Aucamp in bid to save AEB seat
2003-02-12 12:26
Cape Town - Afrikaner Eenheidsbeweging leader Cassie Aucamp will go to the Pretoria High Court on Thursday to overturn his suspension from the organisation and save his parliamentary seat.
Aucamp was suspended from the AEB at a weekend meeting of his party's head council and was ordered to resign as a member of parliament.
He said on Wednesday his application probably would be heard at 10:00.
"We are going for an urgent interdict to declare the meeting and decision null and void."
Aucamp said Saturday's meeting had not been properly constituted. However, he declined to elaborate further, saying he did not want to prejudice his case.

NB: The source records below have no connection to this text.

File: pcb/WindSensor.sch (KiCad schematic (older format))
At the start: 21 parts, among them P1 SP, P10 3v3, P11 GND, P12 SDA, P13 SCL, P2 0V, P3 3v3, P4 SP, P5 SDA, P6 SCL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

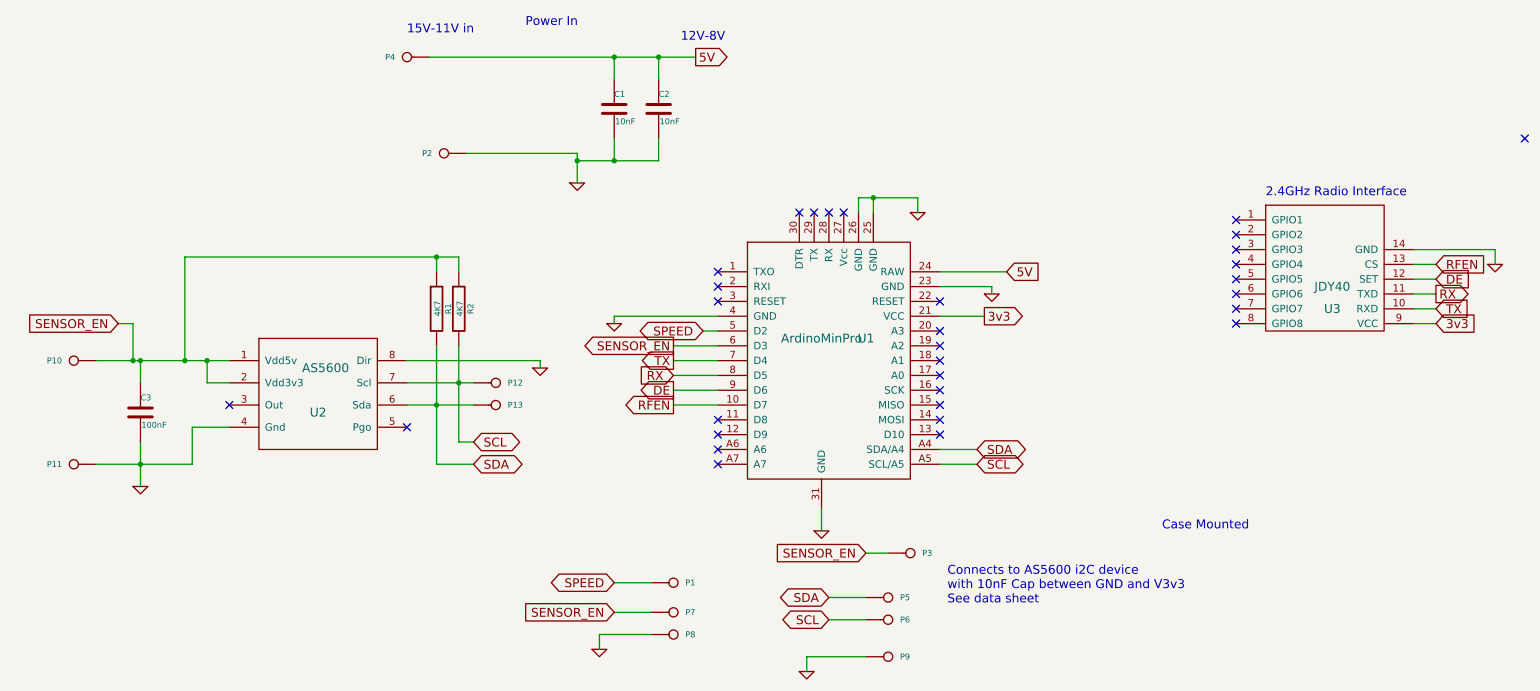
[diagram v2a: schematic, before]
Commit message: Fixed missing windspeed ouptput
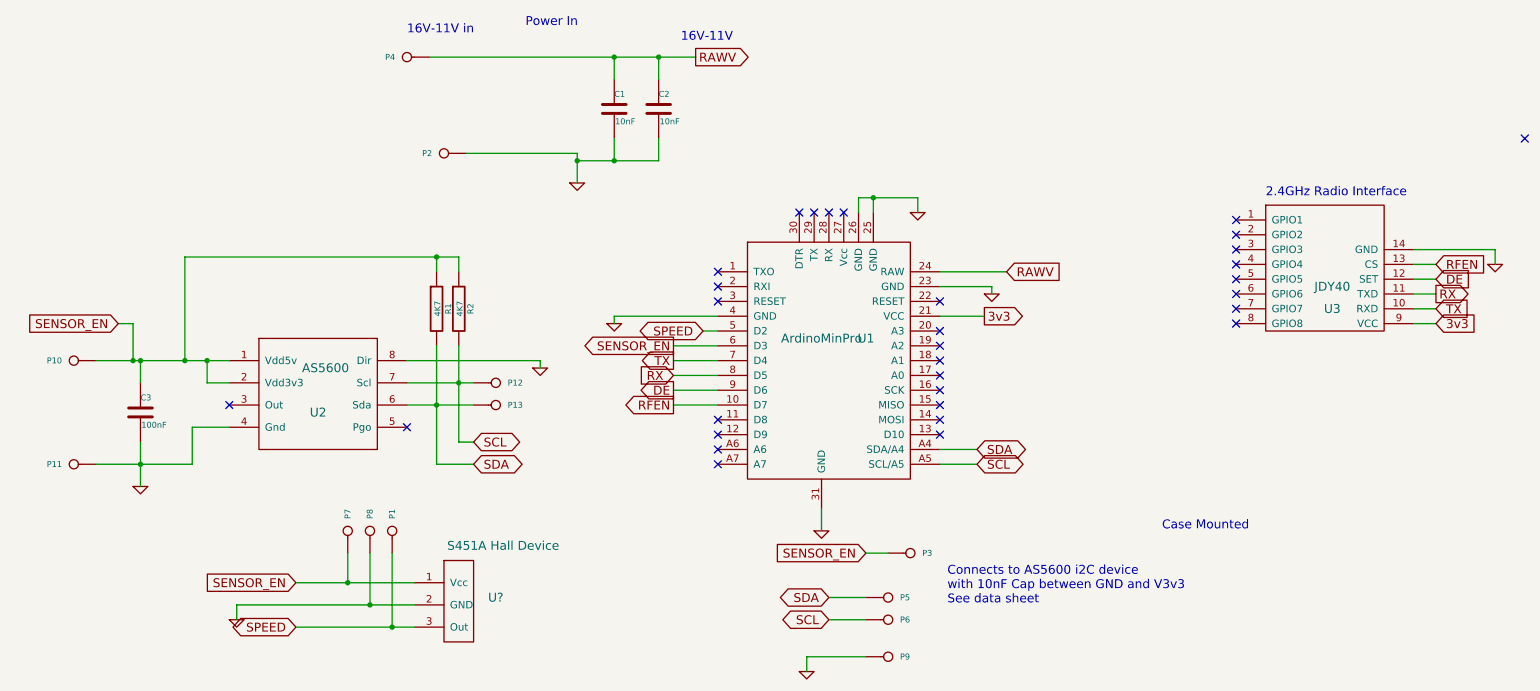
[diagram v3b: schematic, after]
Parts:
- added U?: S451A Hall Device, symbol 3144
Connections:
- net GND: now also U?.2 (GND)
- net SENSOR_EN: now also U?.1 (Vcc)
- net SPEED: now also U?.3 (Out)
- net 5V renamed RAWV
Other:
- note added: "16V-11V"
- note added: "16V-11V in"
- note removed: "12V-8V"
- note removed: "15V-11V in"
- moved on the sheet: P1, P7, P8
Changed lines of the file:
@@
 	1    0    0    -1
 $EndComp
-Text GLabel 4300 5450 0    60   BiDi ~ 0
+Text GLabel 2150 5750 0    60   BiDi ~ 0
 SPEED
 $Comp
@@
 DE
 Text GLabel 6950 3350 2    60   Input ~ 0
-5V
+RAWV
 Text Notes 8000 5100 0    60   ~ 0
 Case Mounted
@@
 Power In
 Text GLabel 4850 1900 2    60   Output ~ 0
-5V
+RAWV
 Text Notes 2900 1750 0    60   ~ 0
-15V-11V in
+16V-11V in
 Text Notes 4750 1800 0    60   ~ 0
-12V-8V
+16V-11V
 $Comp
 L GND #PWR05
@@
 L CONN_1 P1
 U 1 1 5FCE5DF1
-P 4700 5450
-F 0 "P1" H 4780 5450 40  0000 L CNN
-F 1 "SP" H 4700 5505 30  0001 C CNN
-F 2 "Pin_Headers:Pin_Header_Straight_1x01_Pitch2.54mm_SMD_Pin1Left" H 4700 5450 60  0001 C CNN
-F 3 "" H 4700 5450 60  0001 C CNN
-	1    4700 5450
-	1    0    0    -1
+P 2800 5100
+F 0 "P1" H 2880 5100 40  0000 L CNN
+F 1 "SP" H 2800 5155 30  0001 C CNN
+F 2 "Pin_Headers:Pin_Header_Straight_1x01_Pitch2.54mm_SMD_Pin1Left" H 2800 5100 60  0001 C CNN
+F 3 "" H 2800 5100 60  0001 C CNN
+	1    2800 5100
+	0    -1   -1   0
 $EndComp
 $Comp
@@
 L CONN_1 P7
 U 1 1 5FCF3E5D
-P 4700 5650
-F 0 "P7" H 4780 5650 40  0000 L CNN
-F 1 "5V" H 4700 5705 30  0001 C CNN
-F 2 "Pin_Headers:Pin_Header_Straight_1x01_Pitch2.54mm_SMD_Pin1Left" H 4700 5650 60  0001 C CNN
-F 3 "" H 4700 5650 60  0001 C CNN
-	1    4700 5650
-	1    0    0    -1
+P 2500 5100
+F 0 "P7" H 2580 5100 40  0000 L CNN
+F 1 "5V" H 2500 5155 30  0001 C CNN
+F 2 "Pin_Headers:Pin_Header_Straight_1x01_Pitch2.54mm_SMD_Pin1Left" H 2500 5100 60  0001 C CNN
+F 3 "" H 2500 5100 60  0001 C CNN
+	1    2500 5100
+	0    -1   -1   0
 $EndComp
 $Comp
 L GND #PWR08
 U 1 1 5FCF3F31
-P 4200 5900
-F 0 "#PWR08" H 4200 5900 30  0001 C CNN
-F 1 "GND" H 4200 5830 30  0001 C CNN
-F 2 "" H 4200 5900 60  0001 C CNN
-F 3 "" H 4200 5900 60  0001 C CNN
-	1    4200 5900
+P 1750 5700
+F 0 "#PWR08" H 1750 5700 30  0001 C CNN
+F 1 "GND" H 1750 5630 30  0001 C CNN
+F 2 "" H 1750 5700 60  0001 C CNN
+F 3 "" H 1750 5700 60  0001 C CNN
+	1    1750 5700
 	1    0    0    -1
 $EndComp
@@
 L CONN_1 P8
 U 1 1 5FCF3F60
-P 4700 5800
-F 0 "P8" H 4780 5800 40  0000 L CNN
-F 1 "GND" H 4700 5855 30  0001 C CNN
-F 2 "Pin_Headers:Pin_Header_Straight_1x01_Pitch2.54mm_SMD_Pin1Left" H 4700 5800 60  0001 C CNN
-F 3 "" H 4700 5800 60  0001 C CNN
-	1    4700 5800
-	1    0    0    -1
+P 2650 5100
+F 0 "P8" H 2730 5100 40  0000 L CNN
+F 1 "GND" H 2650 5155 30  0001 C CNN
+F 2 "Pin_Headers:Pin_Header_Straight_1x01_Pitch2.54mm_SMD_Pin1Left" H 2650 5100 60  0001 C CNN
+F 3 "" H 2650 5100 60  0001 C CNN
+	1    2650 5100
+	0    -1   -1   0
 $EndComp
 NoConn ~ 5000 3450
@@
 	5700 4950 5700 5100
 Wire Wire Line
-	4300 5450 4550 5450
+	2150 5750 2950 5750
 Wire Wire Line
 	4700 4150 5000 4150
@@
 	5600 5950 6000 5950
 Wire Wire Line
-	4300 5650 4550 5650
-Wire Wire Line
-	4550 5800 4200 5800
-Wire Wire Line
-	4200 5800 4200 5900
+	2150 5450 2950 5450
+Wire Wire Line
+	1750 5600 2950 5600
+Wire Wire Line
+	1750 5600 1750 5700
 Wire Wire Line
 	5000 4050 4700 4050
@@
 	1700 4400 1450 4400
 Wire Wire Line
-	1450 4650 1450 4400
-Wire Wire Line
-	800  4650 1450 4650
+	1450 4400 1450 4650
+Wire Wire Line
+	1450 4650 800  4650
 Wire Wire Line
 	1100 4500 1100 4800
@@
 Wire Wire Line
 	5000 4250 4700 4250
-Text GLabel 4300 5650 0    60   Input ~ 0
+Text GLabel 2150 5450 0    60   Input ~ 0
 SENSOR_EN
+$Comp
+L 3144 U?
+U 1 1 603DF19B
+P 3450 5750
+F 0 "U?" H 3500 5950 60  0000 C CNN
+F 1 "S451A Hall Device" H 3550 6300 60  0000 C CNN
+F 2 "" H 3450 5750 60  0001 C CNN
+F 3 "" H 3450 5750 60  0001 C CNN
+	1    3450 5750
+	1    0    0    -1
+$EndComp
+Wire Wire Line
+	2800 5250 2800 5750
+Connection ~ 2800 5750
+Wire Wire Line
+	2650 5250 2650 5600
+Connection ~ 2650 5600
+Wire Wire Line
+	2500 5250 2500 5450
+Connection ~ 2500 5450
 $EndSCHEMATC

If Aucamp's court challenge fails, he will be replaced in parliament by the party's Mpumalanga leader, Werner Weber.
Weber told Sunday newspaper Rapport at the weekend that his task was to ensure order in the party and to return it to its founding principles.
Wanted to protect AEB's sole seat
Aucamp was among those MPs who jumped the gun last year by announcing he would defect to a new party, and then found that he did not have the protection of floor-crossing legislation after a court challenge by the United Democratic Movement.
Members of his party then moved to oust him and to protect the AEB's sole seat in parliament.
Aucamp wants the AEB to be part of a new political party, the Christian National Forum, which he helped establish in June.
However, he faces fierce resistance from Conservative Party-aligned members - including Dr Willie Snyman, the AEB's Limpopo leader - who were opposed to the inclusion of coloured people in the new party.
Draft legislation that will allow MPs and MPLs to defect to another party without losing their seats is before the National Assembly's justice committee and is expected to be adopted next month.
Defections are legal at local-government level.